Noodlers Anonymous: Professor researches the passion of handfishing
Associated Press
COLUMBIA, Mo. - Noodlers Anonymous isn't a 12-step group for pasta fanatics. But its secretive members are fanatical - about fish.
Noodlers fish by reaching barehanded into murky water, logs and submerged holes in river banks, hoping what they grab is a big old catfish, not a snake or a snapping turtle.
"I haven't lost any fingers, but I've lost a lot of hide. You get bit everywhere," declares Howard Ramsey of Paris, Mo., president of Noodlers Anonymous and a handfisherman for 46 of his 58 years. His father initiated him, as did his daddy before him. Ramsey taught his son, Mark, to noodle, and proudly passes along a snapshot of them holding up freshly noodled catfish the size of outboard motors.
"It's a real fight with these fish," Ramsey says, "but it's sporting because you are under water and in his territory. I've had quite a few close calls."
The anonymous part of his group's name is because Missouri has for decades decreed handfishing a misdemeanor punishable by court-imposed fines. Ramsey was socked with a $600 fine about 20 years ago, and says he now noodles outside Missouri. Forms of handfishing, variously called hogging and grappling, are legal in 11 states, including Oklahoma, Arkansas and Illinois.
Now a University of Missouri-Columbia professor has surveyed noodlers about their clandestine hand-to-fin competition against catfish weighing upward of 50 pounds and packing flat heads as big as hubcaps. Most are men, average age about 40, who started noodling in early adolescence and are usually joined by friends.
"This is their form of recreation, and according to noodlers, it's wholesome family fun, social bonding and being with nature. They also are really brave or really crazy, because there are dangers," said Mark Morgan, the professor exploring sociological aspects of noodling.

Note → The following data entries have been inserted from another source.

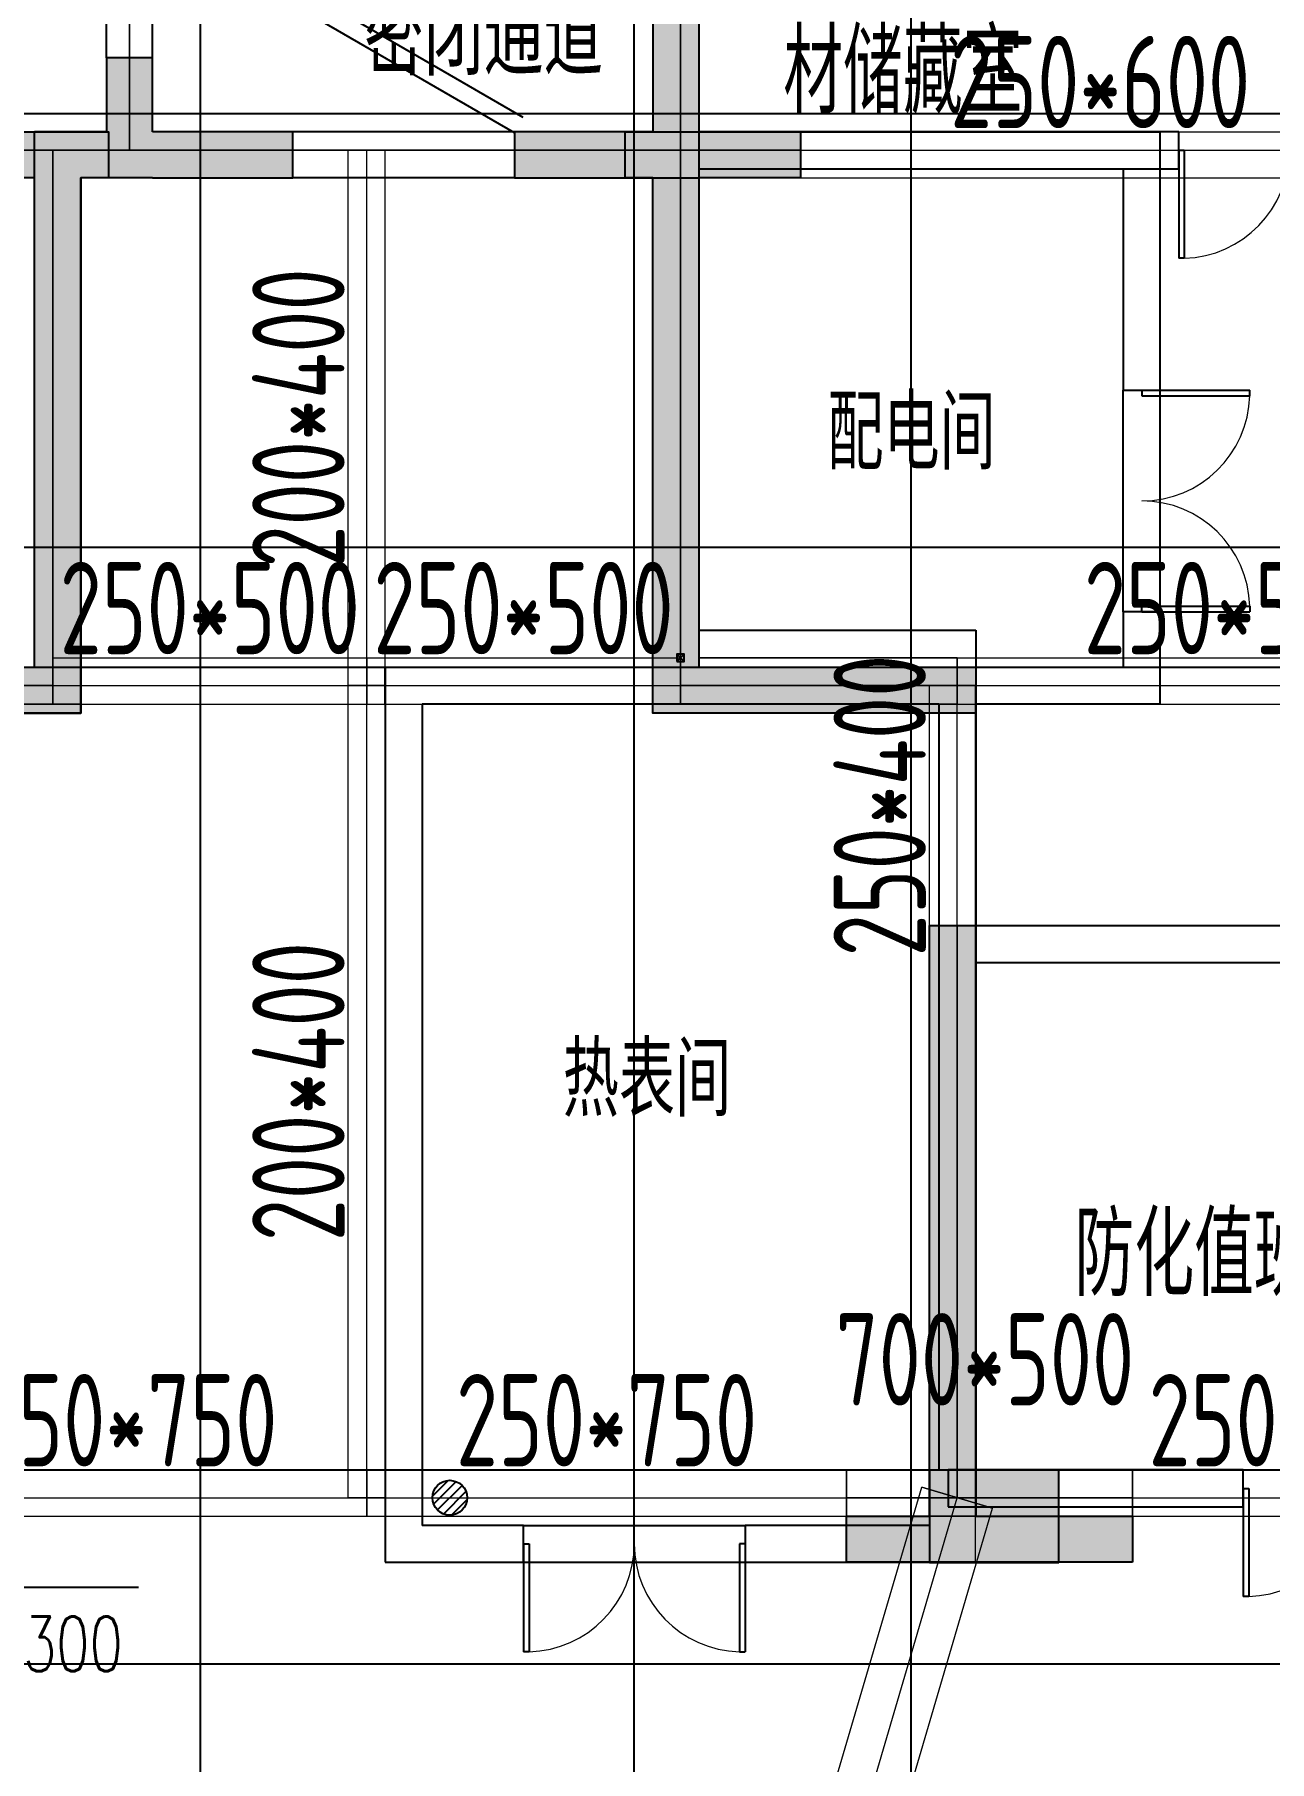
# Model space of a CAD drawing. Extents: x 369444 to 684549, y -549309 to 575337.
# Drawn here: x 410274 to 416966, y 336078 to 345434 of the extents above; entities that cross this region are included whole.
import ezdxf

# ---------------------------------------------------------------- set-up
doc = ezdxf.new("R2010")
doc.units = 0
doc.header["$LTSCALE"] = 1000
doc.header["$MEASUREMENT"] = 0
for name, color, linetype, lineweight, true_color in [('-1-0-1', 7, 'Continuous', 0, 0xc0c0c0), ('-1-1-2', 7, 'Continuous', 0, 0xc0c0c0), ('-2-0-1', 1, 'Continuous', 0, 0xff0000), ('-2-1-2', 9, 'Continuous', 0, 0x808080), ('1-6-1', 7, 'Continuous', 0, 0x55ff55), ('1-6-2', 7, 'Continuous', 0, 0x55ff55), ('11-6-1', 2, 'Continuous', 0, 0xffff00), ('11-6-2', 2, 'Continuous', 0, 0xffff00), ('11-6-5', 2, 'Continuous', 0, 0xffff00), ('12-6-1', 4, 'Continuous', 0, 0x00ffff), ('12-6-2', 4, 'Continuous', 0, 0x00ffff), ('12-6-5', 4, 'Continuous', 0, 0x00ffff)]:
    doc.layers.add(name, color=color, linetype=linetype, lineweight=lineweight, true_color=true_color)
for name, color, linetype in [('A-COLU-CONC', 9, 'Continuous'), ('A-WALL-HATCH', 8, 'Continuous'), ('DIM_ELEV', 3, 'Continuous'), ('DOTE', 1, 'Continuous'), ('EQUIP_地漏', 7, 'Continuous'), ('PROMPT', 1, 'Continuous'), ('PUB_HATCH', 8, 'Continuous'), ('WALL', 9, 'Continuous'), ('WINDOW', 4, 'Continuous'), ('房间名称', 72, 'Continuous')]:
    doc.layers.add(name, color=color, linetype=linetype)
doc.styles.add('_TCH_DIM', font='SIMPLEX', dxfattribs={"bigfont": 'GBCBIG'})
doc.styles.add('HNSJY', font='hnsjy-07.shx', dxfattribs={"width": 0.8, "bigfont": 'hnsjy-hz.shx'})
doc.styles.add('yjkcad', font='yjkeng.shx', dxfattribs={"width": 0.7, "height": 250, "bigfont": 'yjkchn.shx'})

# ---------------------------------------------------------------- blocks, each defined once
blk = doc.blocks.new('$TwtSys$00000141')
for p, q in [((-94.2, 7.7), (-10.1, 91.8)), ((-94.2, 7.7), (-10.1, 91.8)), ((-87.2, -35.1), (35.1, 87.2)), ((-87.2, -35.1), (35.1, 87.2)), ((-66.5, -66.5), (66.5, 66.5)), ((-66.5, -66.5), (66.5, 66.5)), ((-32.4, -87.1), (87.6, 32.9)), ((-32.4, -87.1), (87.6, 32.9)), ((11.4, -92.3), (92.3, -11.4)), ((11.4, -92.3), (92.3, -11.4))]:
    blk.add_line(p, q)
blk.add_circle((0, 0), 94)
blk.add_circle((0, 0), 94)
blk = doc.blocks.new('21#loudixiajnjgjnjdfg')
at = {"layer": 'WALL'}
h = blk.add_hatch(color=0, dxfattribs=at)
h.dxf.hatch_style = 1
h.paths.add_polyline_path([(-183057.3, -69118.8), (-183057.3, -68618.8), (-183557.3, -68618.8), (-183557.3, -69118.8)], flags=17)
h.paths.add_polyline_path([(-170857.3, -69118.8), (-170857.3, -68618.8), (-171407.3, -68618.8), (-171407.3, -69118.8)], flags=17)
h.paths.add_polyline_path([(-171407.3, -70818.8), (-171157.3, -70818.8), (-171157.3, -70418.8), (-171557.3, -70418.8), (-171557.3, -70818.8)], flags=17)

This year, the Missouri House and Senate overwhelmingly approved bills backed by Noodlers Anonymous to legalize handfishing during June and July, but the legislation died in procedural traffic jams.
The Missouri Department of Conservation, which regulates fishing and hunting, is skeptical about legalizing handfishing but has its biologists studying the practice.
Deputy Director John Smith said the most favored catch of noodlers, the flathead catfish, doesn't reach sexual maturity for four or five years, and yanking them from spawning areas could deplete the fish population and disturb nests. And many Missouri waterways have been smoothed into manmade channels, reducing flathead habitat, he said.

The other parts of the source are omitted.